INTP. And, yes, I am very into "modern classical music."


----------



## cold fission cure (Aug 31, 2010)

Sounds fun but tests make me very nervous. If I mess it up and get charged with having a personality type I don't really have, it'll probably throw my life off track. Self knowledge is the best knowledge but it's also true that self deception (because of a mess up on a test) is the worst deception. Sorry, but the risk is just too great.


----------



## Undead (Oct 26, 2010)

I'm INFJ


----------



## shynesshellasucks (May 10, 2008)

Meh, I honestly don't give value to these anymore. I think psychology can be over analytical and comes up with these unnecessary labels.


----------



## sacred (May 25, 2009)

there are message boards dedicated to this crap were all the members refer to each other by their type. ill kill if i ever have to be around people like this in real life.


----------



## kerosene (Oct 26, 2010)

I took this test when I was little and found the results recently.
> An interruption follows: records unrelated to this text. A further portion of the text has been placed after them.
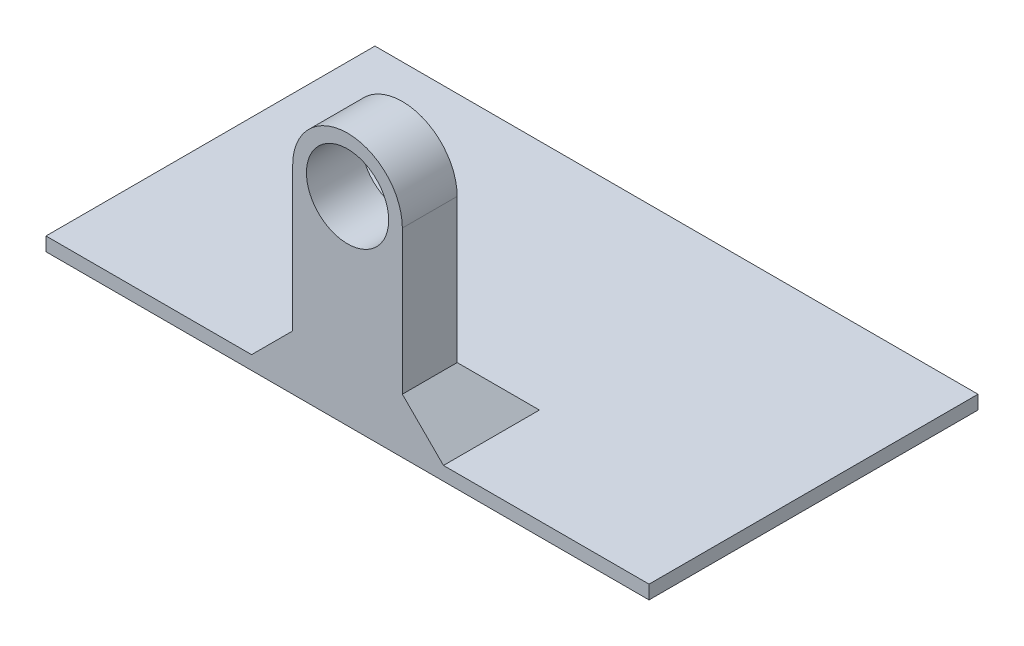
ISO-10303-21;
HEADER;
FILE_DESCRIPTION(('STEP AP214'),'2;1');
FILE_NAME('part.step','',(''),(''),'','','');
FILE_SCHEMA(('AUTOMOTIVE_DESIGN { 1 0 10303 214 1 1 1 1 }'));
ENDSEC;
DATA;
#1=APPLICATION_CONTEXT('core data for automotive mechanical design processes');
#2=APPLICATION_PROTOCOL_DEFINITION('international standard','automotive_design',2000,#1);
#3=PRODUCT_CONTEXT('',#1,'mechanical');
#4=PRODUCT('Part','Part','',(#3));
#5=PRODUCT_RELATED_PRODUCT_CATEGORY('part','',(#4));
#6=PRODUCT_DEFINITION_FORMATION('','',#4);
#7=PRODUCT_DEFINITION_CONTEXT('part definition',#1,'design');
#8=PRODUCT_DEFINITION('design','',#6,#7);
#9=PRODUCT_DEFINITION_SHAPE('','',#8);
#10=(LENGTH_UNIT() NAMED_UNIT(*) SI_UNIT(.MILLI.,.METRE.));
#11=(NAMED_UNIT(*) PLANE_ANGLE_UNIT() SI_UNIT($,.RADIAN.));
#12=(NAMED_UNIT(*) SI_UNIT($,.STERADIAN.) SOLID_ANGLE_UNIT());
#13=UNCERTAINTY_MEASURE_WITH_UNIT(LENGTH_MEASURE(1.E-05),#10,'distance_accuracy_value','');
#14=(GEOMETRIC_REPRESENTATION_CONTEXT(3) GLOBAL_UNCERTAINTY_ASSIGNED_CONTEXT((#13)) GLOBAL_UNIT_ASSIGNED_CONTEXT((#10,
#11,#12)) REPRESENTATION_CONTEXT('',''));
#15=CARTESIAN_POINT('',(0.,0.,0.));
#16=DIRECTION('',(0.,0.,1.));
#17=DIRECTION('',(1.,0.,0.));
#18=AXIS2_PLACEMENT_3D('',#15,#16,#17);
#19=CARTESIAN_POINT('',(-110.,5.,60.));
#20=DIRECTION('',(1.,0.,0.));
#21=DIRECTION('',(0.,0.,-1.));
#22=AXIS2_PLACEMENT_3D('',#19,#20,#21);
#23=PLANE('',#22);
#24=DIRECTION('',(0.,0.,1.));
#25=VECTOR('',#24,1.);
#26=CARTESIAN_POINT('',(-110.,0.,60.));
#27=LINE('',#26,#25);
#28=CARTESIAN_POINT('',(-110.,0.,-60.));
#29=VERTEX_POINT('',#28);
#30=CARTESIAN_POINT('',(-110.,0.,60.));
#31=VERTEX_POINT('',#30);
#32=EDGE_CURVE('E172',#29,#31,#27,.T.);
#33=ORIENTED_EDGE('',*,*,#32,.T.);
#34=DIRECTION('',(0.,-1.,0.));
#35=VECTOR('',#34,1.);
#36=CARTESIAN_POINT('',(-110.,5.,60.));
#37=LINE('',#36,#35);
#38=CARTESIAN_POINT('',(-110.,5.,60.));
#39=VERTEX_POINT('',#38);
#40=EDGE_CURVE('E213',#39,#31,#37,.T.);
#41=ORIENTED_EDGE('',*,*,#40,.F.);
#42=DIRECTION('',(0.,0.,1.));
#43=VECTOR('',#42,1.);
#44=CARTESIAN_POINT('',(-110.,5.,60.));
#45=LINE('',#44,#43);
#46=CARTESIAN_POINT('',(-110.,5.,-60.));
#47=VERTEX_POINT('',#46);
#48=EDGE_CURVE('E174',#47,#39,#45,.T.);
#49=ORIENTED_EDGE('',*,*,#48,.F.);
#50=DIRECTION('',(0.,-1.,0.));
#51=VECTOR('',#50,1.);
#52=CARTESIAN_POINT('',(-110.,5.,-60.));
#53=LINE('',#52,#51);
#54=EDGE_CURVE('E190',#47,#29,#53,.T.);
#55=ORIENTED_EDGE('',*,*,#54,.T.);
#56=EDGE_LOOP('',(#33,#41,#49,#55));
#57=FACE_BOUND('',#56,.T.);
#58=ADVANCED_FACE('F47',(#57),#23,.F.);
#59=CARTESIAN_POINT('',(110.,5.,60.));
#60=DIRECTION('',(0.,0.,-1.));
#61=DIRECTION('',(-1.,0.,0.));
#62=AXIS2_PLACEMENT_3D('',#59,#60,#61);
#63=PLANE('',#62);
#64=DIRECTION('',(1.,0.,0.));
#65=VECTOR('',#64,1.);
#66=CARTESIAN_POINT('',(110.,0.,60.));
#67=LINE('',#66,#65);
#68=CARTESIAN_POINT('',(110.,0.,60.));
#69=VERTEX_POINT('',#68);
#70=EDGE_CURVE('E194',#31,#69,#67,.T.);
#71=ORIENTED_EDGE('',*,*,#70,.T.);
#72=DIRECTION('',(0.,-1.,0.));
#73=VECTOR('',#72,1.);
#74=CARTESIAN_POINT('',(110.,5.,60.));
#75=LINE('',#74,#73);
#76=CARTESIAN_POINT('',(110.,5.,60.));
#77=VERTEX_POINT('',#76);
#78=EDGE_CURVE('E209',#77,#69,#75,.T.);
#79=ORIENTED_EDGE('',*,*,#78,.F.);
#80=DIRECTION('',(1.,0.,0.));
#81=VECTOR('',#80,1.);
#82=CARTESIAN_POINT('',(110.,5.,60.));
#83=LINE('',#82,#81);
#84=CARTESIAN_POINT('',(35.0000000000001,5.,60.));
#85=VERTEX_POINT('',#84);
#86=EDGE_CURVE('E178',#85,#77,#83,.T.);
#87=ORIENTED_EDGE('',*,*,#86,.F.);
#88=DIRECTION('',(0.707106781186551,-0.707106781186544,0.));
#89=VECTOR('',#88,1.);
#90=CARTESIAN_POINT('',(72.5000000000004,-32.4999999999999,60.));
#91=LINE('',#90,#89);
#92=CARTESIAN_POINT('',(20.,20.,60.));
#93=VERTEX_POINT('',#92);
#94=EDGE_CURVE('E11',#85,#93,#91,.F.);
#95=ORIENTED_EDGE('',*,*,#94,.T.);
#96=DIRECTION('',(0.,1.,0.));
#97=VECTOR('',#96,1.);
#98=CARTESIAN_POINT('',(20.,72.5,60.));
#99=LINE('',#98,#97);
#100=CARTESIAN_POINT('',(20.,72.5,60.));
#101=VERTEX_POINT('',#100);
#102=EDGE_CURVE('E155',#93,#101,#99,.T.);
#103=ORIENTED_EDGE('',*,*,#102,.T.);
#104=CARTESIAN_POINT('',(0.,72.5,60.));
#105=DIRECTION('',(0.,0.,1.));
#106=DIRECTION('',(1.,0.,0.));
#107=AXIS2_PLACEMENT_3D('',#104,#105,#106);
#108=CIRCLE('',#107,20.);
#109=CARTESIAN_POINT('',(-20.,72.5,60.));
#110=VERTEX_POINT('',#109);
#111=EDGE_CURVE('E165',#101,#110,#108,.T.);
#112=ORIENTED_EDGE('',*,*,#111,.T.);
#113=DIRECTION('',(0.,-1.,0.));
#114=VECTOR('',#113,1.);
#115=CARTESIAN_POINT('',(-20.,72.5,60.));
#116=LINE('',#115,#114);
#117=CARTESIAN_POINT('',(-20.,20.,60.));
#118=VERTEX_POINT('',#117);
#119=EDGE_CURVE('E134',#110,#118,#116,.T.);
#120=ORIENTED_EDGE('',*,*,#119,.T.);
#121=DIRECTION('',(0.707106781186551,0.707106781186544,0.));
#122=VECTOR('',#121,1.);
#123=CARTESIAN_POINT('',(37.5000000000006,77.5000000000001,60.));
#124=LINE('',#123,#122);
#125=CARTESIAN_POINT('',(-35.0000000000002,5.,60.));
#126=VERTEX_POINT('',#125);
#127=EDGE_CURVE('E58',#118,#126,#124,.F.);
#128=ORIENTED_EDGE('',*,*,#127,.T.);
#129=EDGE_CURVE('E180',#39,#126,#83,.T.);
#130=ORIENTED_EDGE('',*,*,#129,.F.);
#131=ORIENTED_EDGE('',*,*,#40,.T.);
#132=EDGE_LOOP('',(#71,#79,#87,#95,#103,#112,#120,#128,#130,#131));
#133=FACE_BOUND('',#132,.T.);
#134=CARTESIAN_POINT('',(0.,72.5,60.));
#135=DIRECTION('',(0.,0.,1.));
#136=DIRECTION('',(1.,0.,0.));
#137=AXIS2_PLACEMENT_3D('',#134,#135,#136);
#138=CIRCLE('',#137,15.);
#139=CARTESIAN_POINT('',(15.,72.5,60.));
#140=VERTEX_POINT('',#139);
#141=EDGE_CURVE('E160',#140,#140,#138,.T.);
#142=ORIENTED_EDGE('',*,*,#141,.F.);
#143=EDGE_LOOP('',(#142));
#144=FACE_BOUND('',#143,.T.);
#145=ADVANCED_FACE('F267',(#133,#144),#63,.F.);
#146=CARTESIAN_POINT('',(110.,5.,60.));
#147=DIRECTION('',(-1.,0.,0.));
#148=DIRECTION('',(0.,0.,1.));
#149=AXIS2_PLACEMENT_3D('',#146,#147,#148);
#150=PLANE('',#149);
#151=DIRECTION('',(0.,0.,-1.));
#152=VECTOR('',#151,1.);
#153=CARTESIAN_POINT('',(110.,0.,60.));
#154=LINE('',#153,#152);
#155=CARTESIAN_POINT('',(110.,0.,-60.));
#156=VERTEX_POINT('',#155);
#157=EDGE_CURVE('E197',#69,#156,#154,.T.);
#158=ORIENTED_EDGE('',*,*,#157,.T.);
#159=DIRECTION('',(0.,-1.,0.));
#160=VECTOR('',#159,1.);
#161=CARTESIAN_POINT('',(110.,5.,-60.));
#162=LINE('',#161,#160);
#163=CARTESIAN_POINT('',(110.,5.,-60.));
#164=VERTEX_POINT('',#163);
#165=EDGE_CURVE('E205',#164,#156,#162,.T.);
#166=ORIENTED_EDGE('',*,*,#165,.F.);
#167=DIRECTION('',(0.,0.,-1.));
#168=VECTOR('',#167,1.);
#169=CARTESIAN_POINT('',(110.,5.,60.));
#170=LINE('',#169,#168);
#171=EDGE_CURVE('E184',#77,#164,#170,.T.);
#172=ORIENTED_EDGE('',*,*,#171,.F.);
#173=ORIENTED_EDGE('',*,*,#78,.T.);
#174=EDGE_LOOP('',(#158,#166,#172,#173));
#175=FACE_BOUND('',#174,.T.);
#176=ADVANCED_FACE('F273',(#175),#150,.F.);
#177=CARTESIAN_POINT('',(110.,5.,-60.));
#178=DIRECTION('',(0.,0.,1.));
#179=DIRECTION('',(1.,0.,0.));
#180=AXIS2_PLACEMENT_3D('',#177,#178,#179);
#181=PLANE('',#180);
#182=DIRECTION('',(-1.,0.,0.));
#183=VECTOR('',#182,1.);
#184=CARTESIAN_POINT('',(110.,0.,-60.));
#185=LINE('',#184,#183);
#186=EDGE_CURVE('E179',#156,#29,#185,.T.);
#187=ORIENTED_EDGE('',*,*,#186,.T.);
#188=ORIENTED_EDGE('',*,*,#54,.F.);
#189=DIRECTION('',(-1.,0.,0.));
#190=VECTOR('',#189,1.);
#191=CARTESIAN_POINT('',(110.,5.,-60.));
#192=LINE('',#191,#190);
#193=EDGE_CURVE('E187',#164,#47,#192,.T.);
#194=ORIENTED_EDGE('',*,*,#193,.F.);
#195=ORIENTED_EDGE('',*,*,#165,.T.);
#196=EDGE_LOOP('',(#187,#188,#194,#195));
#197=FACE_BOUND('',#196,.T.);
#198=ADVANCED_FACE('F350',(#197),#181,.F.);
#199=CARTESIAN_POINT('',(0.,5.,0.));
#200=DIRECTION('',(0.,1.,0.));
#201=DIRECTION('',(0.,0.,1.));
#202=AXIS2_PLACEMENT_3D('',#199,#200,#201);
#203=PLANE('',#202);
#204=ORIENTED_EDGE('',*,*,#129,.T.);
#205=DIRECTION('',(0.,0.,-1.));
#206=VECTOR('',#205,1.);
#207=CARTESIAN_POINT('',(-35.0000000000002,5.,40.));
#208=LINE('',#207,#206);
#209=CARTESIAN_POINT('',(-35.0000000000002,5.,24.9999999999999));
#210=VERTEX_POINT('',#209);
#211=EDGE_CURVE('E226',#126,#210,#208,.T.);
#212=ORIENTED_EDGE('',*,*,#211,.T.);
#213=DIRECTION('',(1.,0.,0.));
#214=VECTOR('',#213,1.);
#215=CARTESIAN_POINT('',(0.,5.,24.9999999999999));
#216=LINE('',#215,#214);
#217=CARTESIAN_POINT('',(35.0000000000001,5.,24.9999999999999));
#218=VERTEX_POINT('',#217);
#219=EDGE_CURVE('E223',#210,#218,#216,.T.);
#220=ORIENTED_EDGE('',*,*,#219,.T.);
#221=DIRECTION('',(0.,0.,1.));
#222=VECTOR('',#221,1.);
#223=CARTESIAN_POINT('',(35.0000000000001,5.,60.));
#224=LINE('',#223,#222);
#225=EDGE_CURVE('E220',#218,#85,#224,.T.);
#226=ORIENTED_EDGE('',*,*,#225,.T.);
#227=ORIENTED_EDGE('',*,*,#86,.T.);
#228=ORIENTED_EDGE('',*,*,#171,.T.);
#229=ORIENTED_EDGE('',*,*,#193,.T.);
#230=ORIENTED_EDGE('',*,*,#48,.T.);
#231=EDGE_LOOP('',(#204,#212,#220,#226,#227,#228,#229,#230));
#232=FACE_BOUND('',#231,.T.);
#233=ADVANCED_FACE('F341',(#232),#203,.T.);
#234=CARTESIAN_POINT('',(0.,0.,0.));
#235=DIRECTION('',(0.,1.,0.));
#236=DIRECTION('',(0.,0.,1.));
#237=AXIS2_PLACEMENT_3D('',#234,#235,#236);
#238=PLANE('',#237);
#239=ORIENTED_EDGE('',*,*,#32,.F.);
#240=ORIENTED_EDGE('',*,*,#186,.F.);
#241=ORIENTED_EDGE('',*,*,#157,.F.);
#242=ORIENTED_EDGE('',*,*,#70,.F.);
#243=EDGE_LOOP('',(#239,#240,#241,#242));
#244=FACE_BOUND('',#243,.T.);
#245=ADVANCED_FACE('F332',(#244),#238,.F.);
#246=CARTESIAN_POINT('',(0.,72.5,40.));
#247=DIRECTION('',(0.,0.,1.));
#248=DIRECTION('',(1.,0.,0.));
#249=AXIS2_PLACEMENT_3D('',#246,#247,#248);
#250=CYLINDRICAL_SURFACE('',#249,20.);
#251=ORIENTED_EDGE('',*,*,#111,.F.);
#252=DIRECTION('',(0.,0.,1.));
#253=VECTOR('',#252,1.);
#254=CARTESIAN_POINT('',(20.,72.5,40.));
#255=LINE('',#254,#253);
#256=CARTESIAN_POINT('',(20.,72.5,40.));
#257=VERTEX_POINT('',#256);
#258=EDGE_CURVE('E140',#257,#101,#255,.T.);
#259=ORIENTED_EDGE('',*,*,#258,.F.);
#260=CARTESIAN_POINT('',(0.,72.5,40.));
#261=DIRECTION('',(0.,0.,1.));
#262=DIRECTION('',(1.,0.,0.));
#263=AXIS2_PLACEMENT_3D('',#260,#261,#262);
#264=CIRCLE('',#263,20.);
#265=CARTESIAN_POINT('',(-20.,72.5,40.));
#266=VERTEX_POINT('',#265);
#267=EDGE_CURVE('E146',#257,#266,#264,.T.);
#268=ORIENTED_EDGE('',*,*,#267,.T.);
#269=DIRECTION('',(0.,0.,1.));
#270=VECTOR('',#269,1.);
#271=CARTESIAN_POINT('',(-20.,72.5,40.));
#272=LINE('',#271,#270);
#273=EDGE_CURVE('E127',#266,#110,#272,.T.);
#274=ORIENTED_EDGE('',*,*,#273,.T.);
#275=EDGE_LOOP('',(#251,#259,#268,#274));
#276=FACE_BOUND('',#275,.T.);
#277=ADVANCED_FACE('F152',(#276),#250,.T.);
#278=CARTESIAN_POINT('',(20.,72.5,40.));
#279=DIRECTION('',(1.,0.,0.));
#280=DIRECTION('',(0.,1.,0.));
#281=AXIS2_PLACEMENT_3D('',#278,#279,#280);
#282=PLANE('',#281);
#283=ORIENTED_EDGE('',*,*,#102,.F.);
#284=DIRECTION('',(0.,0.,-1.));
#285=VECTOR('',#284,1.);
#286=CARTESIAN_POINT('',(20.,20.,40.));
#287=LINE('',#286,#285);
#288=CARTESIAN_POINT('',(20.,20.,40.));
#289=VERTEX_POINT('',#288);
#290=EDGE_CURVE('E71',#93,#289,#287,.T.);
#291=ORIENTED_EDGE('',*,*,#290,.T.);
#292=DIRECTION('',(0.,1.,0.));
#293=VECTOR('',#292,1.);
#294=CARTESIAN_POINT('',(20.,72.5,40.));
#295=LINE('',#294,#293);
#296=EDGE_CURVE('E141',#289,#257,#295,.T.);
#297=ORIENTED_EDGE('',*,*,#296,.T.);
#298=ORIENTED_EDGE('',*,*,#258,.T.);
#299=EDGE_LOOP('',(#283,#291,#297,#298));
#300=FACE_BOUND('',#299,.T.);
#301=ADVANCED_FACE('F318',(#300),#282,.T.);
#302=CARTESIAN_POINT('',(-20.,72.5,40.));
#303=DIRECTION('',(-1.,0.,0.));
#304=DIRECTION('',(0.,0.,1.));
#305=AXIS2_PLACEMENT_3D('',#302,#303,#304);
#306=PLANE('',#305);
#307=DIRECTION('',(0.,-1.,0.));
#308=VECTOR('',#307,1.);
#309=CARTESIAN_POINT('',(-20.,72.5,40.));
#310=LINE('',#309,#308);
#311=CARTESIAN_POINT('',(-20.,20.,40.));
#312=VERTEX_POINT('',#311);
#313=EDGE_CURVE('E131',#266,#312,#310,.T.);
#314=ORIENTED_EDGE('',*,*,#313,.T.);
#315=DIRECTION('',(0.,0.,1.));
#316=VECTOR('',#315,1.);
#317=CARTESIAN_POINT('',(-20.,20.,60.));
#318=LINE('',#317,#316);
#319=EDGE_CURVE('E217',#312,#118,#318,.T.);
#320=ORIENTED_EDGE('',*,*,#319,.T.);
#321=ORIENTED_EDGE('',*,*,#119,.F.);
#322=ORIENTED_EDGE('',*,*,#273,.F.);
#323=EDGE_LOOP('',(#314,#320,#321,#322));
#324=FACE_BOUND('',#323,.T.);
#325=ADVANCED_FACE('F129',(#324),#306,.T.);
#326=CARTESIAN_POINT('',(0.,72.5,40.));
#327=DIRECTION('',(0.,0.,1.));
#328=DIRECTION('',(1.,0.,0.));
#329=AXIS2_PLACEMENT_3D('',#326,#327,#328);
#330=PLANE('',#329);
#331=CARTESIAN_POINT('',(0.,72.5,40.));
#332=DIRECTION('',(0.,0.,1.));
#333=DIRECTION('',(1.,0.,0.));
#334=AXIS2_PLACEMENT_3D('',#331,#332,#333);
#335=CIRCLE('',#334,15.);
#336=CARTESIAN_POINT('',(15.,72.5,40.));
#337=VERTEX_POINT('',#336);
#338=EDGE_CURVE('E168',#337,#337,#335,.T.);
#339=ORIENTED_EDGE('',*,*,#338,.T.);
#340=EDGE_LOOP('',(#339));
#341=FACE_BOUND('',#340,.T.);
#342=ORIENTED_EDGE('',*,*,#296,.F.);
#343=DIRECTION('',(-1.,0.,0.));
#344=VECTOR('',#343,1.);
#345=CARTESIAN_POINT('',(0.,20.,40.));
#346=LINE('',#345,#344);
#347=EDGE_CURVE('E148',#289,#312,#346,.T.);
#348=ORIENTED_EDGE('',*,*,#347,.T.);
#349=ORIENTED_EDGE('',*,*,#313,.F.);
#350=ORIENTED_EDGE('',*,*,#267,.F.);
#351=EDGE_LOOP('',(#342,#348,#349,#350));
#352=FACE_BOUND('',#351,.T.);
#353=ADVANCED_FACE('F145',(#341,#352),#330,.F.);
#354=CARTESIAN_POINT('',(0.,72.5,40.));
#355=DIRECTION('',(0.,0.,1.));
#356=DIRECTION('',(1.,0.,0.));
#357=AXIS2_PLACEMENT_3D('',#354,#355,#356);
#358=CYLINDRICAL_SURFACE('',#357,15.);
#359=ORIENTED_EDGE('',*,*,#338,.F.);
#360=EDGE_LOOP('',(#359));
#361=FACE_BOUND('',#360,.T.);
#362=ORIENTED_EDGE('',*,*,#141,.T.);
#363=EDGE_LOOP('',(#362));
#364=FACE_BOUND('',#363,.T.);
#365=ADVANCED_FACE('F254',(#361,#364),#358,.F.);
#366=CARTESIAN_POINT('',(35.0000000000001,5.,0.));
#367=DIRECTION('',(0.707106781186544,0.707106781186551,0.));
#368=DIRECTION('',(0.,0.,-1.));
#369=AXIS2_PLACEMENT_3D('',#366,#367,#368);
#370=PLANE('',#369);
#371=ORIENTED_EDGE('',*,*,#94,.F.);
#372=ORIENTED_EDGE('',*,*,#225,.F.);
#373=DIRECTION('',(0.577350269189628,-0.577350269189622,-0.577350269189628));
#374=VECTOR('',#373,1.);
#375=CARTESIAN_POINT('',(43.3333333333334,-3.33333333333327,16.6666666666665));
#376=LINE('',#375,#374);
#377=EDGE_CURVE('E52',#289,#218,#376,.T.);
#378=ORIENTED_EDGE('',*,*,#377,.F.);
#379=ORIENTED_EDGE('',*,*,#290,.F.);
#380=EDGE_LOOP('',(#371,#372,#378,#379));
#381=FACE_BOUND('',#380,.T.);
#382=ADVANCED_FACE('F50',(#381),#370,.T.);
#383=CARTESIAN_POINT('',(0.,5.,24.9999999999999));
#384=DIRECTION('',(0.,-0.707106781186551,0.707106781186544));
#385=DIRECTION('',(1.,0.,0.));
#386=AXIS2_PLACEMENT_3D('',#383,#384,#385);
#387=PLANE('',#386);
#388=ORIENTED_EDGE('',*,*,#377,.T.);
#389=ORIENTED_EDGE('',*,*,#219,.F.);
#390=DIRECTION('',(-0.577350269189628,-0.577350269189622,-0.577350269189628));
#391=VECTOR('',#390,1.);
#392=CARTESIAN_POINT('',(-23.3333333333334,16.6666666666667,36.6666666666667));
#393=LINE('',#392,#391);
#394=EDGE_CURVE('E234',#312,#210,#393,.T.);
#395=ORIENTED_EDGE('',*,*,#394,.F.);
#396=ORIENTED_EDGE('',*,*,#347,.F.);
#397=EDGE_LOOP('',(#388,#389,#395,#396));
#398=FACE_BOUND('',#397,.T.);
#399=ADVANCED_FACE('F262',(#398),#387,.F.);
#400=CARTESIAN_POINT('',(-20.,20.,40.));
#401=DIRECTION('',(-0.707106781186544,0.707106781186551,0.));
#402=DIRECTION('',(0.,0.,-1.));
#403=AXIS2_PLACEMENT_3D('',#400,#401,#402);
#404=PLANE('',#403);
#405=ORIENTED_EDGE('',*,*,#394,.T.);
#406=ORIENTED_EDGE('',*,*,#211,.F.);
#407=ORIENTED_EDGE('',*,*,#127,.F.);
#408=ORIENTED_EDGE('',*,*,#319,.F.);
#409=EDGE_LOOP('',(#405,#406,#407,#408));
#410=FACE_BOUND('',#409,.T.);
#411=ADVANCED_FACE('F278',(#410),#404,.T.);
#412=CLOSED_SHELL('',(#58,#145,#176,#198,#233,#245,#277,#301,#325,#353,#365,#382,#399,#411));
#413=MANIFOLD_SOLID_BREP('B2',#412);
#414=ADVANCED_BREP_SHAPE_REPRESENTATION('',(#18,#413),#14);
#415=SHAPE_DEFINITION_REPRESENTATION(#9,#414);
ENDSEC;
END-ISO-10303-21;

It says I'm an infp and basically tells me what my entire life has been like while I've been blissfully anywhere. KINDA WEIRD. I think I've developed to intp a lot of times though, too.


----------



## trendyfool (Apr 11, 2010)

sacred said:


> there are message boards dedicated to this crap were all the members refer to each other by their type. ill kill if i ever have to be around people like this in real life.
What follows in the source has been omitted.